- _Exercise description_: From the line with "#363=PLANE('',#362);" down to the final line of the records below, retype everything exactly and leave out the rest.
****************
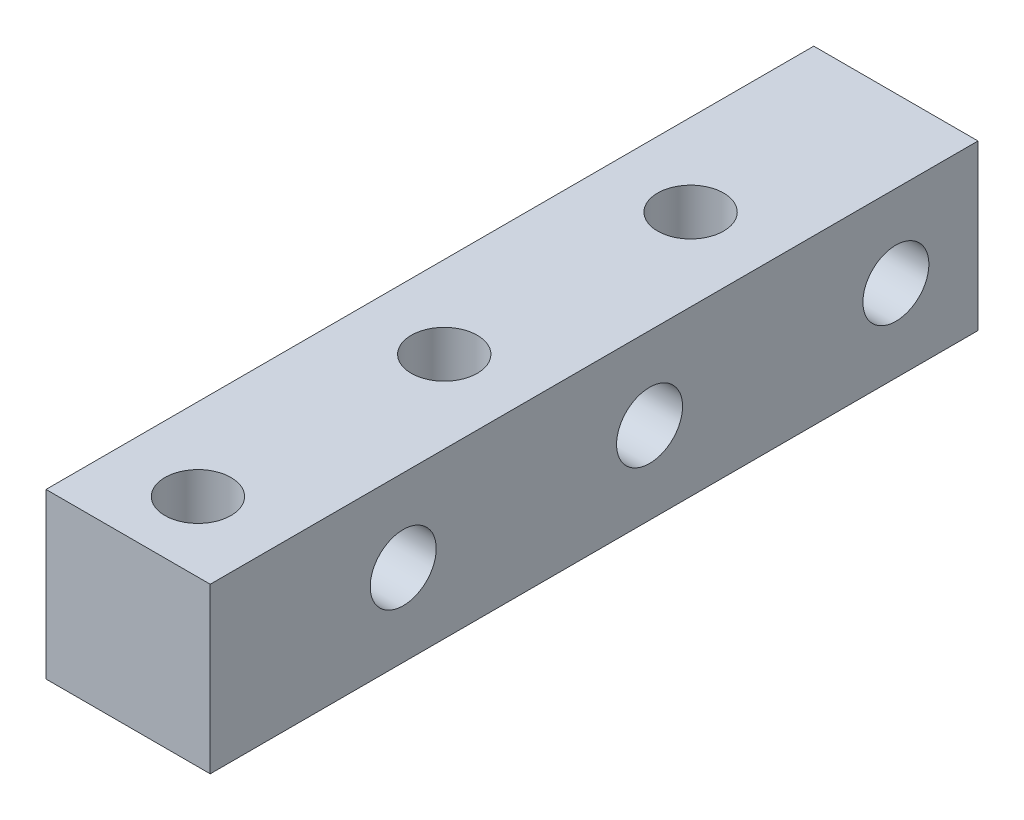
ISO-10303-21;
HEADER;
FILE_DESCRIPTION(('STEP AP214'),'2;1');
FILE_NAME('part.step','',(''),(''),'','','');
FILE_SCHEMA(('AUTOMOTIVE_DESIGN { 1 0 10303 214 1 1 1 1 }'));
ENDSEC;
DATA;
#1=APPLICATION_CONTEXT('core data for automotive mechanical design processes');
#2=APPLICATION_PROTOCOL_DEFINITION('international standard','automotive_design',2000,#1);
#3=PRODUCT_CONTEXT('',#1,'mechanical');
#4=PRODUCT('Part','Part','',(#3));
#5=PRODUCT_RELATED_PRODUCT_CATEGORY('part','',(#4));
#6=PRODUCT_DEFINITION_FORMATION('','',#4);
#7=PRODUCT_DEFINITION_CONTEXT('part definition',#1,'design');
#8=PRODUCT_DEFINITION('design','',#6,#7);
#9=PRODUCT_DEFINITION_SHAPE('','',#8);
#10=(LENGTH_UNIT() NAMED_UNIT(*) SI_UNIT(.MILLI.,.METRE.));
#11=(NAMED_UNIT(*) PLANE_ANGLE_UNIT() SI_UNIT($,.RADIAN.));
#12=(NAMED_UNIT(*) SI_UNIT($,.STERADIAN.) SOLID_ANGLE_UNIT());
#13=UNCERTAINTY_MEASURE_WITH_UNIT(LENGTH_MEASURE(1.E-05),#10,'distance_accuracy_value','');
#14=(GEOMETRIC_REPRESENTATION_CONTEXT(3) GLOBAL_UNCERTAINTY_ASSIGNED_CONTEXT((#13)) GLOBAL_UNIT_ASSIGNED_CONTEXT((#10,
#11,#12)) REPRESENTATION_CONTEXT('',''));
#15=CARTESIAN_POINT('',(0.,0.,0.));
#16=DIRECTION('',(0.,0.,1.));
#17=DIRECTION('',(1.,0.,0.));
#18=AXIS2_PLACEMENT_3D('',#15,#16,#17);
#19=CARTESIAN_POINT('',(6.35,-6.35,-85.725));
#20=DIRECTION('',(0.,-1.,0.));
#21=DIRECTION('',(1.,0.,0.));
#22=AXIS2_PLACEMENT_3D('',#19,#20,#21);
#23=PLANE('',#22);
#24=CARTESIAN_POINT('',(0.,-6.35,-25.4));
#25=DIRECTION('',(0.,1.,0.));
#26=DIRECTION('',(0.,0.,1.));
#27=AXIS2_PLACEMENT_3D('',#24,#25,#26);
#28=CIRCLE('',#27,2.5527);
#29=CARTESIAN_POINT('',(0.,-6.35,-22.8473));
#30=VERTEX_POINT('',#29);
#31=EDGE_CURVE('E124',#30,#30,#28,.T.);
#32=ORIENTED_EDGE('',*,*,#31,.T.);
#33=EDGE_LOOP('',(#32));
#34=FACE_BOUND('',#33,.T.);
#35=CARTESIAN_POINT('',(0.,-6.35,-44.45));
#36=DIRECTION('',(0.,1.,0.));
#37=DIRECTION('',(0.,0.,1.));
#38=AXIS2_PLACEMENT_3D('',#35,#36,#37);
#39=CIRCLE('',#38,2.5527);
#40=CARTESIAN_POINT('',(0.,-6.35,-41.8973));
#41=VERTEX_POINT('',#40);
#42=EDGE_CURVE('E164',#41,#41,#39,.T.);
#43=ORIENTED_EDGE('',*,*,#42,.T.);
#44=EDGE_LOOP('',(#43));
#45=FACE_BOUND('',#44,.T.);
#46=CARTESIAN_POINT('',(0.,-6.35,-63.5));
#47=DIRECTION('',(0.,1.,0.));
#48=DIRECTION('',(0.,0.,1.));
#49=AXIS2_PLACEMENT_3D('',#46,#47,#48);
#50=CIRCLE('',#49,2.5527);
#51=CARTESIAN_POINT('',(0.,-6.35,-60.9473));
#52=VERTEX_POINT('',#51);
#53=EDGE_CURVE('E159',#52,#52,#50,.T.);
#54=ORIENTED_EDGE('',*,*,#53,.T.);
#55=EDGE_LOOP('',(#54));
#56=FACE_BOUND('',#55,.T.);
#57=DIRECTION('',(0.,0.,-1.));
#58=VECTOR('',#57,1.);
#59=CARTESIAN_POINT('',(6.35,-6.35,-85.725));
#60=LINE('',#59,#58);
#61=CARTESIAN_POINT('',(6.35,-6.35,-20.));
#62=VERTEX_POINT('',#61);
#63=CARTESIAN_POINT('',(6.35,-6.35,-79.375));
#64=VERTEX_POINT('',#63);
#65=EDGE_CURVE('E127',#62,#64,#60,.T.);
#66=ORIENTED_EDGE('',*,*,#65,.F.);
#67=DIRECTION('',(1.,0.,0.));
#68=VECTOR('',#67,1.);
#69=CARTESIAN_POINT('',(0.,-6.35,-20.));
#70=LINE('',#69,#68);
#71=CARTESIAN_POINT('',(-6.35000000000001,-6.35,-20.));
#72=VERTEX_POINT('',#71);
#73=EDGE_CURVE('E95',#72,#62,#70,.T.);
#74=ORIENTED_EDGE('',*,*,#73,.F.);
#75=DIRECTION('',(0.,0.,1.));
#76=VECTOR('',#75,1.);
#77=CARTESIAN_POINT('',(-6.35,-6.35,-85.725));
#78=LINE('',#77,#76);
#79=CARTESIAN_POINT('',(-6.35,-6.35,-79.375));
#80=VERTEX_POINT('',#79);
#81=EDGE_CURVE('E112',#80,#72,#78,.T.);
#82=ORIENTED_EDGE('',*,*,#81,.F.);
#83=DIRECTION('',(1.,0.,0.));
#84=VECTOR('',#83,1.);
#85=CARTESIAN_POINT('',(-6.35000000000001,-6.35,-79.375));
#86=LINE('',#85,#84);
#87=EDGE_CURVE('E89',#80,#64,#86,.T.);
#88=ORIENTED_EDGE('',*,*,#87,.T.);
#89=EDGE_LOOP('',(#66,#74,#82,#88));
#90=FACE_BOUND('',#89,.T.);
#91=ADVANCED_FACE('F49',(#34,#45,#56,#90),#23,.T.);
#92=CARTESIAN_POINT('',(-6.35,-6.35,-85.725));
#93=DIRECTION('',(-1.,0.,0.));
#94=DIRECTION('',(0.,0.,1.));
#95=AXIS2_PLACEMENT_3D('',#92,#93,#94);
#96=PLANE('',#95);
#97=CARTESIAN_POINT('',(-6.35,0.,-73.025));
#98=DIRECTION('',(1.,0.,0.));
#99=DIRECTION('',(0.,0.,-1.));
#100=AXIS2_PLACEMENT_3D('',#97,#98,#99);
#101=CIRCLE('',#100,2.55269999999999);
#102=CARTESIAN_POINT('',(-6.35,0.,-75.5777));
#103=VERTEX_POINT('',#102);
#104=EDGE_CURVE('E53',#103,#103,#101,.T.);
#105=ORIENTED_EDGE('',*,*,#104,.T.);
#106=EDGE_LOOP('',(#105));
#107=FACE_BOUND('',#106,.T.);
#108=CARTESIAN_POINT('',(-6.35,0.,-53.975));
#109=DIRECTION('',(1.,0.,0.));
#110=DIRECTION('',(0.,0.,-1.));
#111=AXIS2_PLACEMENT_3D('',#108,#109,#110);
#112=CIRCLE('',#111,2.5527);
#113=CARTESIAN_POINT('',(-6.35,0.,-56.5277));
#114=VERTEX_POINT('',#113);
#115=EDGE_CURVE('E180',#114,#114,#112,.T.);
#116=ORIENTED_EDGE('',*,*,#115,.T.);
#117=EDGE_LOOP('',(#116));
#118=FACE_BOUND('',#117,.T.);
#119=CARTESIAN_POINT('',(-6.35,0.,-34.925));
#120=DIRECTION('',(1.,0.,0.));
#121=DIRECTION('',(0.,0.,-1.));
#122=AXIS2_PLACEMENT_3D('',#119,#120,#121);
#123=CIRCLE('',#122,2.5527);
#124=CARTESIAN_POINT('',(-6.35,0.,-37.4777));
#125=VERTEX_POINT('',#124);
#126=EDGE_CURVE('E135',#125,#125,#123,.T.);
#127=ORIENTED_EDGE('',*,*,#126,.T.);
#128=EDGE_LOOP('',(#127));
#129=FACE_BOUND('',#128,.T.);
#130=ORIENTED_EDGE('',*,*,#81,.T.);
#131=DIRECTION('',(0.,1.,0.));
#132=VECTOR('',#131,1.);
#133=CARTESIAN_POINT('',(-6.35000000000001,-6.35,-20.));
#134=LINE('',#133,#132);
#135=CARTESIAN_POINT('',(-6.35,6.35,-20.));
#136=VERTEX_POINT('',#135);
#137=EDGE_CURVE('E101',#72,#136,#134,.T.);
#138=ORIENTED_EDGE('',*,*,#137,.T.);
#139=DIRECTION('',(0.,0.,1.));
#140=VECTOR('',#139,1.);
#141=CARTESIAN_POINT('',(-6.35,6.35,-85.725));
#142=LINE('',#141,#140);
#143=CARTESIAN_POINT('',(-6.35,6.35,-79.375));
#144=VERTEX_POINT('',#143);
#145=EDGE_CURVE('E110',#144,#136,#142,.T.);
#146=ORIENTED_EDGE('',*,*,#145,.F.);
#147=DIRECTION('',(0.,1.,0.));
#148=VECTOR('',#147,1.);
#149=CARTESIAN_POINT('',(-6.35,-6.35,-79.375));
#150=LINE('',#149,#148);
#151=EDGE_CURVE('E77',#144,#80,#150,.F.);
#152=ORIENTED_EDGE('',*,*,#151,.T.);
#153=EDGE_LOOP('',(#130,#138,#146,#152));
#154=FACE_BOUND('',#153,.T.);
#155=ADVANCED_FACE('F109',(#107,#118,#129,#154),#96,.T.);
#156=CARTESIAN_POINT('',(6.35,-6.35,-85.725));
#157=DIRECTION('',(1.,0.,0.));
#158=DIRECTION('',(0.,0.,-1.));
#159=AXIS2_PLACEMENT_3D('',#156,#157,#158);
#160=PLANE('',#159);
#161=CARTESIAN_POINT('',(6.35,0.,-73.025));
#162=DIRECTION('',(1.,0.,0.));
#163=DIRECTION('',(0.,0.,-1.));
#164=AXIS2_PLACEMENT_3D('',#161,#162,#163);
#165=CIRCLE('',#164,2.55269999999999);
#166=CARTESIAN_POINT('',(6.35,0.,-75.5777));
#167=VERTEX_POINT('',#166);
#168=EDGE_CURVE('E130',#167,#167,#165,.F.);
#169=ORIENTED_EDGE('',*,*,#168,.T.);
#170=EDGE_LOOP('',(#169));
#171=FACE_BOUND('',#170,.T.);
#172=CARTESIAN_POINT('',(6.35,0.,-53.975));
#173=DIRECTION('',(1.,0.,0.));
#174=DIRECTION('',(0.,0.,-1.));
#175=AXIS2_PLACEMENT_3D('',#172,#173,#174);
#176=CIRCLE('',#175,2.5527);
#177=CARTESIAN_POINT('',(6.35,0.,-56.5277));
#178=VERTEX_POINT('',#177);
#179=EDGE_CURVE('E171',#178,#178,#176,.F.);
#180=ORIENTED_EDGE('',*,*,#179,.T.);
#181=EDGE_LOOP('',(#180));
#182=FACE_BOUND('',#181,.T.);
#183=CARTESIAN_POINT('',(6.35,0.,-34.925));
#184=DIRECTION('',(1.,0.,0.));
#185=DIRECTION('',(0.,0.,-1.));
#186=AXIS2_PLACEMENT_3D('',#183,#184,#185);
#187=CIRCLE('',#186,2.5527);
#188=CARTESIAN_POINT('',(6.35,0.,-37.4777));
#189=VERTEX_POINT('',#188);
#190=EDGE_CURVE('E165',#189,#189,#187,.F.);
#191=ORIENTED_EDGE('',*,*,#190,.T.);
#192=EDGE_LOOP('',(#191));
#193=FACE_BOUND('',#192,.T.);
#194=DIRECTION('',(0.,0.,1.));
#195=VECTOR('',#194,1.);
#196=CARTESIAN_POINT('',(6.35,6.35,-85.725));
#197=LINE('',#196,#195);
#198=CARTESIAN_POINT('',(6.35,6.35,-20.));
#199=VERTEX_POINT('',#198);
#200=CARTESIAN_POINT('',(6.35,6.35,-79.375));
#201=VERTEX_POINT('',#200);
#202=EDGE_CURVE('E118',#199,#201,#197,.F.);
#203=ORIENTED_EDGE('',*,*,#202,.F.);
#204=DIRECTION('',(0.,1.,0.));
#205=VECTOR('',#204,1.);
#206=CARTESIAN_POINT('',(6.35,-6.35,-20.));
#207=LINE('',#206,#205);
#208=EDGE_CURVE('E68',#62,#199,#207,.T.);
#209=ORIENTED_EDGE('',*,*,#208,.F.);
#210=ORIENTED_EDGE('',*,*,#65,.T.);
#211=DIRECTION('',(0.,1.,0.));
#212=VECTOR('',#211,1.);
#213=CARTESIAN_POINT('',(6.35,-6.35,-79.375));
#214=LINE('',#213,#212);
#215=EDGE_CURVE('E131',#64,#201,#214,.T.);
#216=ORIENTED_EDGE('',*,*,#215,.T.);
#217=EDGE_LOOP('',(#203,#209,#210,#216));
#218=FACE_BOUND('',#217,.T.);
#219=ADVANCED_FACE('F200',(#171,#182,#193,#218),#160,.T.);
#220=CARTESIAN_POINT('',(6.35,6.35,-85.725));
#221=DIRECTION('',(0.,1.,0.));
#222=DIRECTION('',(-1.,0.,0.));
#223=AXIS2_PLACEMENT_3D('',#220,#221,#222);
#224=PLANE('',#223);
#225=CARTESIAN_POINT('',(0.,6.35,-63.5));
#226=DIRECTION('',(0.,1.,0.));
#227=DIRECTION('',(0.,0.,1.));
#228=AXIS2_PLACEMENT_3D('',#225,#226,#227);
#229=CIRCLE('',#228,2.5527);
#230=CARTESIAN_POINT('',(0.,6.35,-60.9473));
#231=VERTEX_POINT('',#230);
#232=EDGE_CURVE('E122',#231,#231,#229,.F.);
#233=ORIENTED_EDGE('',*,*,#232,.T.);
#234=EDGE_LOOP('',(#233));
#235=FACE_BOUND('',#234,.T.);
#236=CARTESIAN_POINT('',(0.,6.35,-44.45));
#237=DIRECTION('',(0.,1.,0.));
#238=DIRECTION('',(0.,0.,1.));
#239=AXIS2_PLACEMENT_3D('',#236,#237,#238);
#240=CIRCLE('',#239,2.5527);
#241=CARTESIAN_POINT('',(0.,6.35,-41.8973));
#242=VERTEX_POINT('',#241);
#243=EDGE_CURVE('E60',#242,#242,#240,.F.);
#244=ORIENTED_EDGE('',*,*,#243,.T.);
#245=EDGE_LOOP('',(#244));
#246=FACE_BOUND('',#245,.T.);
#247=CARTESIAN_POINT('',(0.,6.35,-25.4));
#248=DIRECTION('',(0.,1.,0.));
#249=DIRECTION('',(0.,0.,1.));
#250=AXIS2_PLACEMENT_3D('',#247,#248,#249);
#251=CIRCLE('',#250,2.5527);
#252=CARTESIAN_POINT('',(0.,6.35,-22.8473));
#253=VERTEX_POINT('',#252);
#254=EDGE_CURVE('E12',#253,#253,#251,.F.);
#255=ORIENTED_EDGE('',*,*,#254,.T.);
#256=EDGE_LOOP('',(#255));
#257=FACE_BOUND('',#256,.T.);
#258=ORIENTED_EDGE('',*,*,#145,.T.);
#259=DIRECTION('',(1.,0.,0.));
#260=VECTOR('',#259,1.);
#261=CARTESIAN_POINT('',(0.,6.35,-20.));
#262=LINE('',#261,#260);
#263=EDGE_CURVE('E98',#136,#199,#262,.T.);
#264=ORIENTED_EDGE('',*,*,#263,.T.);
#265=ORIENTED_EDGE('',*,*,#202,.T.);
#266=DIRECTION('',(-1.,0.,0.));
#267=VECTOR('',#266,1.);
#268=CARTESIAN_POINT('',(6.35,6.35,-79.375));
#269=LINE('',#268,#267);
#270=EDGE_CURVE('E116',#201,#144,#269,.T.);
#271=ORIENTED_EDGE('',*,*,#270,.T.);
#272=EDGE_LOOP('',(#258,#264,#265,#271));
#273=FACE_BOUND('',#272,.T.);
#274=ADVANCED_FACE('F115',(#235,#246,#257,#273),#224,.T.);
#275=CARTESIAN_POINT('',(6.35,0.,-73.025));
#276=DIRECTION('',(1.,0.,0.));
#277=DIRECTION('',(0.,0.,-1.));
#278=AXIS2_PLACEMENT_3D('',#275,#276,#277);
#279=CYLINDRICAL_SURFACE('',#278,2.55269999999999);
#280=ORIENTED_EDGE('',*,*,#168,.F.);
#281=EDGE_LOOP('',(#280));
#282=FACE_BOUND('',#281,.T.);
#283=ORIENTED_EDGE('',*,*,#104,.F.);
#284=EDGE_LOOP('',(#283));
#285=FACE_BOUND('',#284,.T.);
#286=ADVANCED_FACE('F51',(#282,#285),#279,.F.);
#287=CARTESIAN_POINT('',(6.35,0.,-53.975));
#288=DIRECTION('',(1.,0.,0.));
#289=DIRECTION('',(0.,0.,-1.));
#290=AXIS2_PLACEMENT_3D('',#287,#288,#289);
#291=CYLINDRICAL_SURFACE('',#290,2.5527);
#292=ORIENTED_EDGE('',*,*,#179,.F.);
#293=EDGE_LOOP('',(#292));
#294=FACE_BOUND('',#293,.T.);
#295=ORIENTED_EDGE('',*,*,#115,.F.);
#296=EDGE_LOOP('',(#295));
#297=FACE_BOUND('',#296,.T.);
#298=ADVANCED_FACE('F192',(#294,#297),#291,.F.);
#299=CARTESIAN_POINT('',(6.35,0.,-34.925));
#300=DIRECTION('',(1.,0.,0.));
#301=DIRECTION('',(0.,0.,-1.));
#302=AXIS2_PLACEMENT_3D('',#299,#300,#301);
#303=CYLINDRICAL_SURFACE('',#302,2.5527);
#304=ORIENTED_EDGE('',*,*,#190,.F.);
#305=EDGE_LOOP('',(#304));
#306=FACE_BOUND('',#305,.T.);
#307=ORIENTED_EDGE('',*,*,#126,.F.);
#308=EDGE_LOOP('',(#307));
#309=FACE_BOUND('',#308,.T.);
#310=ADVANCED_FACE('F198',(#306,#309),#303,.F.);
#311=CARTESIAN_POINT('',(-6.35000000000001,6.35,-79.375));
#312=DIRECTION('',(0.,0.,1.));
#313=DIRECTION('',(1.,0.,0.));
#314=AXIS2_PLACEMENT_3D('',#311,#312,#313);
#315=PLANE('',#314);
#316=ORIENTED_EDGE('',*,*,#87,.F.);
#317=ORIENTED_EDGE('',*,*,#151,.F.);
#318=ORIENTED_EDGE('',*,*,#270,.F.);
#319=ORIENTED_EDGE('',*,*,#215,.F.);
#320=EDGE_LOOP('',(#316,#317,#318,#319));
#321=FACE_BOUND('',#320,.T.);
#322=ADVANCED_FACE('F218',(#321),#315,.F.);
#323=CARTESIAN_POINT('',(0.,6.35,-63.5));
#324=DIRECTION('',(0.,1.,0.));
#325=DIRECTION('',(0.,0.,1.));
#326=AXIS2_PLACEMENT_3D('',#323,#324,#325);
#327=CYLINDRICAL_SURFACE('',#326,2.5527);
#328=ORIENTED_EDGE('',*,*,#232,.F.);
#329=EDGE_LOOP('',(#328));
#330=FACE_BOUND('',#329,.T.);
#331=ORIENTED_EDGE('',*,*,#53,.F.);
#332=EDGE_LOOP('',(#331));
#333=FACE_BOUND('',#332,.T.);
#334=ADVANCED_FACE('F224',(#330,#333),#327,.F.);
#335=CARTESIAN_POINT('',(0.,6.35,-44.45));
#336=DIRECTION('',(0.,1.,0.));
#337=DIRECTION('',(0.,0.,1.));
#338=AXIS2_PLACEMENT_3D('',#335,#336,#337);
#339=CYLINDRICAL_SURFACE('',#338,2.5527);
#340=ORIENTED_EDGE('',*,*,#243,.F.);
#341=EDGE_LOOP('',(#340));
#342=FACE_BOUND('',#341,.T.);
#343=ORIENTED_EDGE('',*,*,#42,.F.);
#344=EDGE_LOOP('',(#343));
#345=FACE_BOUND('',#344,.T.);
#346=ADVANCED_FACE('F246',(#342,#345),#339,.F.);
#347=CARTESIAN_POINT('',(0.,6.35,-25.4));
#348=DIRECTION('',(0.,1.,0.));
#349=DIRECTION('',(0.,0.,1.));
#350=AXIS2_PLACEMENT_3D('',#347,#348,#349);
#351=CYLINDRICAL_SURFACE('',#350,2.5527);
#352=ORIENTED_EDGE('',*,*,#254,.F.);
#353=EDGE_LOOP('',(#352));
#354=FACE_BOUND('',#353,.T.);
#355=ORIENTED_EDGE('',*,*,#31,.F.);
#356=EDGE_LOOP('',(#355));
#357=FACE_BOUND('',#356,.T.);
#358=ADVANCED_FACE('F203',(#354,#357),#351,.F.);
#359=CARTESIAN_POINT('',(0.,-6.35,-20.));
#360=DIRECTION('',(0.,0.,1.));
#361=DIRECTION('',(1.,0.,0.));
#362=AXIS2_PLACEMENT_3D('',#359,#360,#361);
#363=PLANE('',#362);
#364=ORIENTED_EDGE('',*,*,#263,.F.);
#365=ORIENTED_EDGE('',*,*,#137,.F.);
#366=ORIENTED_EDGE('',*,*,#73,.T.);
#367=ORIENTED_EDGE('',*,*,#208,.T.);
#368=EDGE_LOOP('',(#364,#365,#366,#367));
#369=FACE_BOUND('',#368,.T.);
#370=ADVANCED_FACE('F100',(#369),#363,.T.);
#371=CLOSED_SHELL('',(#91,#155,#219,#274,#286,#298,#310,#322,#334,#346,#358,#370));
#372=MANIFOLD_SOLID_BREP('B2',#371);
#373=ADVANCED_BREP_SHAPE_REPRESENTATION('',(#18,#372),#14);
#374=SHAPE_DEFINITION_REPRESENTATION(#9,#373);
ENDSEC;
END-ISO-10303-21;
****************
- _Written solution_:
#363=PLANE('',#362);
#364=ORIENTED_EDGE('',*,*,#263,.F.);
#365=ORIENTED_EDGE('',*,*,#137,.F.);
#366=ORIENTED_EDGE('',*,*,#73,.T.);
#367=ORIENTED_EDGE('',*,*,#208,.T.);
#368=EDGE_LOOP('',(#364,#365,#366,#367));
#369=FACE_BOUND('',#368,.T.);
#370=ADVANCED_FACE('F100',(#369),#363,.T.);
#371=CLOSED_SHELL('',(#91,#155,#219,#274,#286,#298,#310,#322,#334,#346,#358,#370));
#372=MANIFOLD_SOLID_BREP('B2',#371);
#373=ADVANCED_BREP_SHAPE_REPRESENTATION('',(#18,#372),#14);
#374=SHAPE_DEFINITION_REPRESENTATION(#9,#373);
ENDSEC;
END-ISO-10303-21;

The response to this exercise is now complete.